How Long Should I Wait to Clean My PCT Gear? An Idiot’s Guide
There is a certain class of hiker for whom the idea of the next trek is all-consuming. These worthy people, many of whom write for or read this website, spend the bulk of their time, energy, and money taking on outdoor challenge after outdoor challenge. The beauty and the difficulty and the solitude are too difficult to ignore for folks like these.
I cannot count myself among them.
That feels a little bit shameful, given that I’m nominally a hiking writer, but even admitting it here in print feels something like catharsis. It’s true! I like hiking, but I like a lot of other things, too. Since I finished my Pacific Crest Trail thru-hike in September, I’ve spent far more time doing all those other things than I have hiking. The few people who have asked me if I’d do a thru-hike again have been met with a look akin to that I’d give someone who asked me to give up a limb.

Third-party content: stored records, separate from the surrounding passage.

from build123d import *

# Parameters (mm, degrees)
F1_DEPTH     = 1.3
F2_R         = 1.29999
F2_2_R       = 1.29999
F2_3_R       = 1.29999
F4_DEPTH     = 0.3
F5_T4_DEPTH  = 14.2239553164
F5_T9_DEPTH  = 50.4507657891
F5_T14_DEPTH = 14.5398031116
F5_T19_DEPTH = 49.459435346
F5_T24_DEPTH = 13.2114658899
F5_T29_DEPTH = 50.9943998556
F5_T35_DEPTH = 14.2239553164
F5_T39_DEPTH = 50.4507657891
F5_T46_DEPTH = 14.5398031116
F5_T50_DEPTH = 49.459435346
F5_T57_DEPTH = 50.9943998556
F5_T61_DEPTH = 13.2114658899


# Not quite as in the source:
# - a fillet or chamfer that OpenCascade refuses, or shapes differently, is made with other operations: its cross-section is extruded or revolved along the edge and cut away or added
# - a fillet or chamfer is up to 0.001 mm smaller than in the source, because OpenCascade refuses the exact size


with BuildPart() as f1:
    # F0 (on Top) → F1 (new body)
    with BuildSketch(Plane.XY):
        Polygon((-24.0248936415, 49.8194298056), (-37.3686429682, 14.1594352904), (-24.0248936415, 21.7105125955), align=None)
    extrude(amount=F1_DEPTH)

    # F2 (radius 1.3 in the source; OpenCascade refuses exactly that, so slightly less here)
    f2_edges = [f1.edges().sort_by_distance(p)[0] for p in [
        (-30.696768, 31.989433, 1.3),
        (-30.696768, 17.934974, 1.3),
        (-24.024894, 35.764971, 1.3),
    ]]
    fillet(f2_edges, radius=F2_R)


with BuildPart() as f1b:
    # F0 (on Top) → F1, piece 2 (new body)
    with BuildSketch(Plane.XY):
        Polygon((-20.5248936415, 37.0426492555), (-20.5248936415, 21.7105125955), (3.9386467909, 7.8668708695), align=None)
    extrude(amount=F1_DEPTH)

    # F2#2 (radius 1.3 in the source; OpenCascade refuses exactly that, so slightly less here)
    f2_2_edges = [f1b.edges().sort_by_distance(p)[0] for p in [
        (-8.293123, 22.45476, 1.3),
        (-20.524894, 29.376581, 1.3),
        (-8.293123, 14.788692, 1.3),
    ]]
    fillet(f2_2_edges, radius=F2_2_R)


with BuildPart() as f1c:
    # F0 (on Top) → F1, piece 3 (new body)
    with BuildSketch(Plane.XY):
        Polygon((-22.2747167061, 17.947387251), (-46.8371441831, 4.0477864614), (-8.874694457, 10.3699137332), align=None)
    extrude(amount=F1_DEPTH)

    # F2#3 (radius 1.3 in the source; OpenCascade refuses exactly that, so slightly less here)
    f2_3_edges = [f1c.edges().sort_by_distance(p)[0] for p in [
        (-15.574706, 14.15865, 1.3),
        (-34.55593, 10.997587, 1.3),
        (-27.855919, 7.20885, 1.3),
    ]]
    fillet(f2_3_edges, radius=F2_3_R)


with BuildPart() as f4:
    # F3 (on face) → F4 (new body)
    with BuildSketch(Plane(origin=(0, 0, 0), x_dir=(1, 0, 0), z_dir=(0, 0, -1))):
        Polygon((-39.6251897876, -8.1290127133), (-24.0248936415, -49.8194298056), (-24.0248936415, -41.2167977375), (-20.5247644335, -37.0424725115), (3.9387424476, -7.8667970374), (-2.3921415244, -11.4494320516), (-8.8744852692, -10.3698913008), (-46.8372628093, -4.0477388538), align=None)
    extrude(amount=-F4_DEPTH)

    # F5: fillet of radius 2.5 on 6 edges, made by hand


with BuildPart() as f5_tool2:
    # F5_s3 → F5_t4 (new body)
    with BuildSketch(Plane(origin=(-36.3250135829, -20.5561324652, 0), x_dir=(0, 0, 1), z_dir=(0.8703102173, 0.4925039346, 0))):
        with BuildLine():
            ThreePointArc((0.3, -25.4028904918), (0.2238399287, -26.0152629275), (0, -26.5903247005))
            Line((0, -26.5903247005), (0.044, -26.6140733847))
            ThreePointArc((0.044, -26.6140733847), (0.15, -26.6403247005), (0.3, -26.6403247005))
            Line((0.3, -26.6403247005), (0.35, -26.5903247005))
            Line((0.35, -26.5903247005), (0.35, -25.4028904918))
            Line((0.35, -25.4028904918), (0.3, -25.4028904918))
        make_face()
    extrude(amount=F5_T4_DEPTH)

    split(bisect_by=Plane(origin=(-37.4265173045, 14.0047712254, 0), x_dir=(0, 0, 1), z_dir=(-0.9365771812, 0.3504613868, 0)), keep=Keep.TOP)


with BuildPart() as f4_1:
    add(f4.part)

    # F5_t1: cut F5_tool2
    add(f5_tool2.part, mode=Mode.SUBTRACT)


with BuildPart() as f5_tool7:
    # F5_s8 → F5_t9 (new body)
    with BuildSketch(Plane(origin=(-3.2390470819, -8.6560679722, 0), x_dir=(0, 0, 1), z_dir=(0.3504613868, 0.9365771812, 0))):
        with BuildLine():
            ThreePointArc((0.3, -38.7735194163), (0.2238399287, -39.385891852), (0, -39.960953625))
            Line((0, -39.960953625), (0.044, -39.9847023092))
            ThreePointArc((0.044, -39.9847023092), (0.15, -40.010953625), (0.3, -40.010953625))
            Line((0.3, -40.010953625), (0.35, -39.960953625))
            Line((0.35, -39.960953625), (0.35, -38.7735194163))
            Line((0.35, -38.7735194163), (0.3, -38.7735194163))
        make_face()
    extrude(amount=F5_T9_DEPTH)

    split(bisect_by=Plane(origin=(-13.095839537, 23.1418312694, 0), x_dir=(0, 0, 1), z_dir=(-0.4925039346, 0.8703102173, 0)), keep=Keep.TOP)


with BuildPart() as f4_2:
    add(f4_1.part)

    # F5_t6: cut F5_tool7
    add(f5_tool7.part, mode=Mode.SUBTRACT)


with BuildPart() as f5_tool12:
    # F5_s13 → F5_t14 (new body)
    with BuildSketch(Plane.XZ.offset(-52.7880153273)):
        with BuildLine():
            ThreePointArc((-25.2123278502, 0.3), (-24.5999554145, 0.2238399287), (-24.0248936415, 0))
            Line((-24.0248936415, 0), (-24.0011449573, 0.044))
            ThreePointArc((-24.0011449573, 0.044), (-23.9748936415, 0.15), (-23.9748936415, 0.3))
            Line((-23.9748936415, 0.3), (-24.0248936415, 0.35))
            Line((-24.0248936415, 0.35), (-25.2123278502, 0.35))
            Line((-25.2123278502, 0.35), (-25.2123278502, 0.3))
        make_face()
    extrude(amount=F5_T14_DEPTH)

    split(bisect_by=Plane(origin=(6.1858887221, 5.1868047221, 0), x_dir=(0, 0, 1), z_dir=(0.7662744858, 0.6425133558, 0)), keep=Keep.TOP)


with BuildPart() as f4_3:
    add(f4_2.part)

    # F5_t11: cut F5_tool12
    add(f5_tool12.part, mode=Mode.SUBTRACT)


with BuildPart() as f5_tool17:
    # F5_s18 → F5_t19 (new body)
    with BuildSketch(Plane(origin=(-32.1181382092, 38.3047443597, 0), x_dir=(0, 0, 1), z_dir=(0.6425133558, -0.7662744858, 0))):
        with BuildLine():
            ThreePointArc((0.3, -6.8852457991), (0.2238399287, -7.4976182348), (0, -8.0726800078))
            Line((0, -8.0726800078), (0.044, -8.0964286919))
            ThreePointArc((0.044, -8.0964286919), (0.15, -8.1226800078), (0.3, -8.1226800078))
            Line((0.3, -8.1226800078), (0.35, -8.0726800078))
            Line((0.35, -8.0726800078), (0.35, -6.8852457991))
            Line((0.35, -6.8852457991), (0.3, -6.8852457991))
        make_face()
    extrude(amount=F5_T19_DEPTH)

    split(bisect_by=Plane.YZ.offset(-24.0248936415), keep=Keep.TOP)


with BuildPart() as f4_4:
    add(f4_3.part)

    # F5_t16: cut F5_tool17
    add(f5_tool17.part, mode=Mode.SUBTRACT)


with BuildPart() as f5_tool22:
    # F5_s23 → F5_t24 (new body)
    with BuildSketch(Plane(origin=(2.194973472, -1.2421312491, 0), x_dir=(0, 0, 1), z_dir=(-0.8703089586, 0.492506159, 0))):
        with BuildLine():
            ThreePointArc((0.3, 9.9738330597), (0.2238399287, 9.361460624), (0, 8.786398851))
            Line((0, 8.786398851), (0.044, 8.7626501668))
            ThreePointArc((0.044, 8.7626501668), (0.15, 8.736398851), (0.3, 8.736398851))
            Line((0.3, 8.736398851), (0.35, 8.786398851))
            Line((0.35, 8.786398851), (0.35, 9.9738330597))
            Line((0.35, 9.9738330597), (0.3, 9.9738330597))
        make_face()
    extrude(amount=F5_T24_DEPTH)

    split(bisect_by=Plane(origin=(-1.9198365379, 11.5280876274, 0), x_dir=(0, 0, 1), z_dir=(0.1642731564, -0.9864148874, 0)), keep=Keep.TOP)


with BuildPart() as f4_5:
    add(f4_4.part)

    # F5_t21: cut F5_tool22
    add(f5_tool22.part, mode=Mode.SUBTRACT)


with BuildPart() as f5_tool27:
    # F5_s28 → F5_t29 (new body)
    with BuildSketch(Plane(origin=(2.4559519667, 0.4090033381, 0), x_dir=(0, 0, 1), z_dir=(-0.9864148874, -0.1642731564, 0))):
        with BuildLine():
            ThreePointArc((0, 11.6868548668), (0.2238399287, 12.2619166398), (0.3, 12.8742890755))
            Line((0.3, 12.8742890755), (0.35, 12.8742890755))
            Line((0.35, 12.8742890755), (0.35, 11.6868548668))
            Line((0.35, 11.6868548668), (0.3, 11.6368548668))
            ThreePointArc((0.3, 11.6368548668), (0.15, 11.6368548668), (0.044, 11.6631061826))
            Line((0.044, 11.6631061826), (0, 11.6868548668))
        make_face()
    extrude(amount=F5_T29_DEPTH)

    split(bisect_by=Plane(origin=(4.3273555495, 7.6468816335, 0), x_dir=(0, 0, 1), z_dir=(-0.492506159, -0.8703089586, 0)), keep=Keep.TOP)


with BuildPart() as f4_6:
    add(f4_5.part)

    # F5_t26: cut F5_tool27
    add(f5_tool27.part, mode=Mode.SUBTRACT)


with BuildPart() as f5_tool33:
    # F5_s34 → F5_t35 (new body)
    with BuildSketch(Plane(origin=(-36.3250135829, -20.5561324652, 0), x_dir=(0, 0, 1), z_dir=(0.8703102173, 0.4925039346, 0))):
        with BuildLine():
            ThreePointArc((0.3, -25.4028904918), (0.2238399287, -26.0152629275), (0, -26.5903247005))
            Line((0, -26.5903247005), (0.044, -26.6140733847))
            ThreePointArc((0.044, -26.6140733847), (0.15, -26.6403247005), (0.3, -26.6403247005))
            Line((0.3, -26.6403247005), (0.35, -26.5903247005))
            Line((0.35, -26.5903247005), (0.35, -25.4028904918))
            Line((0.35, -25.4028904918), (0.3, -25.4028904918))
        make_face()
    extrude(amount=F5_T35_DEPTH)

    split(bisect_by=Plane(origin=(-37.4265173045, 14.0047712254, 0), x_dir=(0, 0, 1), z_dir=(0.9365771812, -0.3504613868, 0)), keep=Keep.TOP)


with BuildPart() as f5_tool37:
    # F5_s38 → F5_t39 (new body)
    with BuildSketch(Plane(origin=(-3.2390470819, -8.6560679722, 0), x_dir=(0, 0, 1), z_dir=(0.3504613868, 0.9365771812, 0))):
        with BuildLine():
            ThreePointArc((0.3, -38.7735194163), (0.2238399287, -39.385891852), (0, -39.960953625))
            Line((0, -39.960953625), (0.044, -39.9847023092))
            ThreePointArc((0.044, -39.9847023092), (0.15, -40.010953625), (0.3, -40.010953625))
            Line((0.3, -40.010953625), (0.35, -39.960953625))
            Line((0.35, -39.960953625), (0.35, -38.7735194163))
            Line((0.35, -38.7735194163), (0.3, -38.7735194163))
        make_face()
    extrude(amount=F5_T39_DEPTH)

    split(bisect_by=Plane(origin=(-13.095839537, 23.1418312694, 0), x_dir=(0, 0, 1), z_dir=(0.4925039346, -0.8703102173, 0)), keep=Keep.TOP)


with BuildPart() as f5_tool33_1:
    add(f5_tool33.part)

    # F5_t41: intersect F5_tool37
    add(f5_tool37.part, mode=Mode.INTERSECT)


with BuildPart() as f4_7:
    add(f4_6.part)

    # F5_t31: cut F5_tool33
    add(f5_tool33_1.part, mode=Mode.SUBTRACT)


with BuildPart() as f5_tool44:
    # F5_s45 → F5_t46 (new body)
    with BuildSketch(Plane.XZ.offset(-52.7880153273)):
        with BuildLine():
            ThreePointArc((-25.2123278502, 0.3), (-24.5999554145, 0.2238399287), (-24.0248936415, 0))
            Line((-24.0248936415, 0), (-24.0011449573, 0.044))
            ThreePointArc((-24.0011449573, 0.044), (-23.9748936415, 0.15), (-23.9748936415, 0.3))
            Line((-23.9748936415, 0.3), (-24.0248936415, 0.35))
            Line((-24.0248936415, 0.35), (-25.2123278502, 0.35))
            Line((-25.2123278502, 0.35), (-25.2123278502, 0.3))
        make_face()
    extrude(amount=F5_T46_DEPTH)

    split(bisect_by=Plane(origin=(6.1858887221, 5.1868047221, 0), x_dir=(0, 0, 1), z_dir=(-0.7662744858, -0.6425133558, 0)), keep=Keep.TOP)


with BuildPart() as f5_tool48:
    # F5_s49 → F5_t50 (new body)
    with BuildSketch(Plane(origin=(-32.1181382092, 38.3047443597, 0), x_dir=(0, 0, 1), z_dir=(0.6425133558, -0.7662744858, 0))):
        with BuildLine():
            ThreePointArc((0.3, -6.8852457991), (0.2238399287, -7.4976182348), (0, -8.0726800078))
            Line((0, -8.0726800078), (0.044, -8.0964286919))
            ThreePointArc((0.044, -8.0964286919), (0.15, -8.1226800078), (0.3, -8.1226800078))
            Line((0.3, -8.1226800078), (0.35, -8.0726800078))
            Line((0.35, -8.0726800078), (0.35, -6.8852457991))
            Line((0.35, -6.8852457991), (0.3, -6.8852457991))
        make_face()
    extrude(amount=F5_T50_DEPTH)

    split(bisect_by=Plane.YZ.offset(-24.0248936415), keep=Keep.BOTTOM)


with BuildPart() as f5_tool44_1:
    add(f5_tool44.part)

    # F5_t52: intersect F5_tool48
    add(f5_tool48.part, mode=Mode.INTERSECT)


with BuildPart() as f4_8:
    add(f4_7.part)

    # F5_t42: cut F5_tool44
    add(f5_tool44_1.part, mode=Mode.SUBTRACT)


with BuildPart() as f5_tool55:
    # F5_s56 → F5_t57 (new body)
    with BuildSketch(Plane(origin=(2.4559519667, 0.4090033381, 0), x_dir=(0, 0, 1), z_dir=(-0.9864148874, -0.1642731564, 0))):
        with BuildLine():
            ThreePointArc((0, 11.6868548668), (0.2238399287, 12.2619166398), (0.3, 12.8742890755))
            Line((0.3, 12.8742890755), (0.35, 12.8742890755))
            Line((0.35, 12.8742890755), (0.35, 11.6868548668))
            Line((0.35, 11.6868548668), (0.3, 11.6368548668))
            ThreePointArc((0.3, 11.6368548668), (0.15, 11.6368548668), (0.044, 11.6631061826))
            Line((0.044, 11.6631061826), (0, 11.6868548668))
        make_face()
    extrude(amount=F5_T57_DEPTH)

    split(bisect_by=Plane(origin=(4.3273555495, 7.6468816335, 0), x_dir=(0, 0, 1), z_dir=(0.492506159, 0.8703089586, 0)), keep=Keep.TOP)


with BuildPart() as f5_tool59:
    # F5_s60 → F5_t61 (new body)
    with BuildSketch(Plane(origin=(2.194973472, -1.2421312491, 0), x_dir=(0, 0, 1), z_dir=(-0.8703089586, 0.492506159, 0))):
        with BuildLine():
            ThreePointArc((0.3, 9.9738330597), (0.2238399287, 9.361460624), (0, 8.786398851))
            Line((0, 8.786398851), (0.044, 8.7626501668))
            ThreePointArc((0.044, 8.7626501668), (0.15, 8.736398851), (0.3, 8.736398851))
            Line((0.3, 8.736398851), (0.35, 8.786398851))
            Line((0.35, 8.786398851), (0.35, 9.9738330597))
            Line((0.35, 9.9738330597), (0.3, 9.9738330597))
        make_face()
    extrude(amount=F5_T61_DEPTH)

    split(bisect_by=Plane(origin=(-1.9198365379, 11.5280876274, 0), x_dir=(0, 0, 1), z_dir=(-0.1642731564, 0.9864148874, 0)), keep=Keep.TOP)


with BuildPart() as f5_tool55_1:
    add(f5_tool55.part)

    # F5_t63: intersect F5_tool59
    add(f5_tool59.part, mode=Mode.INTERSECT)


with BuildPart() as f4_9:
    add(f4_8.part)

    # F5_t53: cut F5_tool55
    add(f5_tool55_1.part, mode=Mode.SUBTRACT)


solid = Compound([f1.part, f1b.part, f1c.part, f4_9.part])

Despite all that, I am still very much mourning the end of my thru-hike. It still accounts for, like, half of my new Instagram posts, even all these months later, and at least a few mornings a week I awake from dreams of things that happened–or could have happened differently–on that narrow passageway from Mexico to Canada. I’ve convinced myself that it is this mourning (rather than, say, my own laziness) that stopped me from even taking my backpacking gear out of the closet until this past week, a full seven months gone since I reached Manning Park.
But take it out I did. Backpack, full of dead pine needles; rain coat, smelling like it was destined for the incinerator; sleeping bag and puffy jacket, so far gone from their original lime green as to be unrecognizable. I unburied these crusty treasures, and one by one began to wash away the dirt and grime of five months that changed my life.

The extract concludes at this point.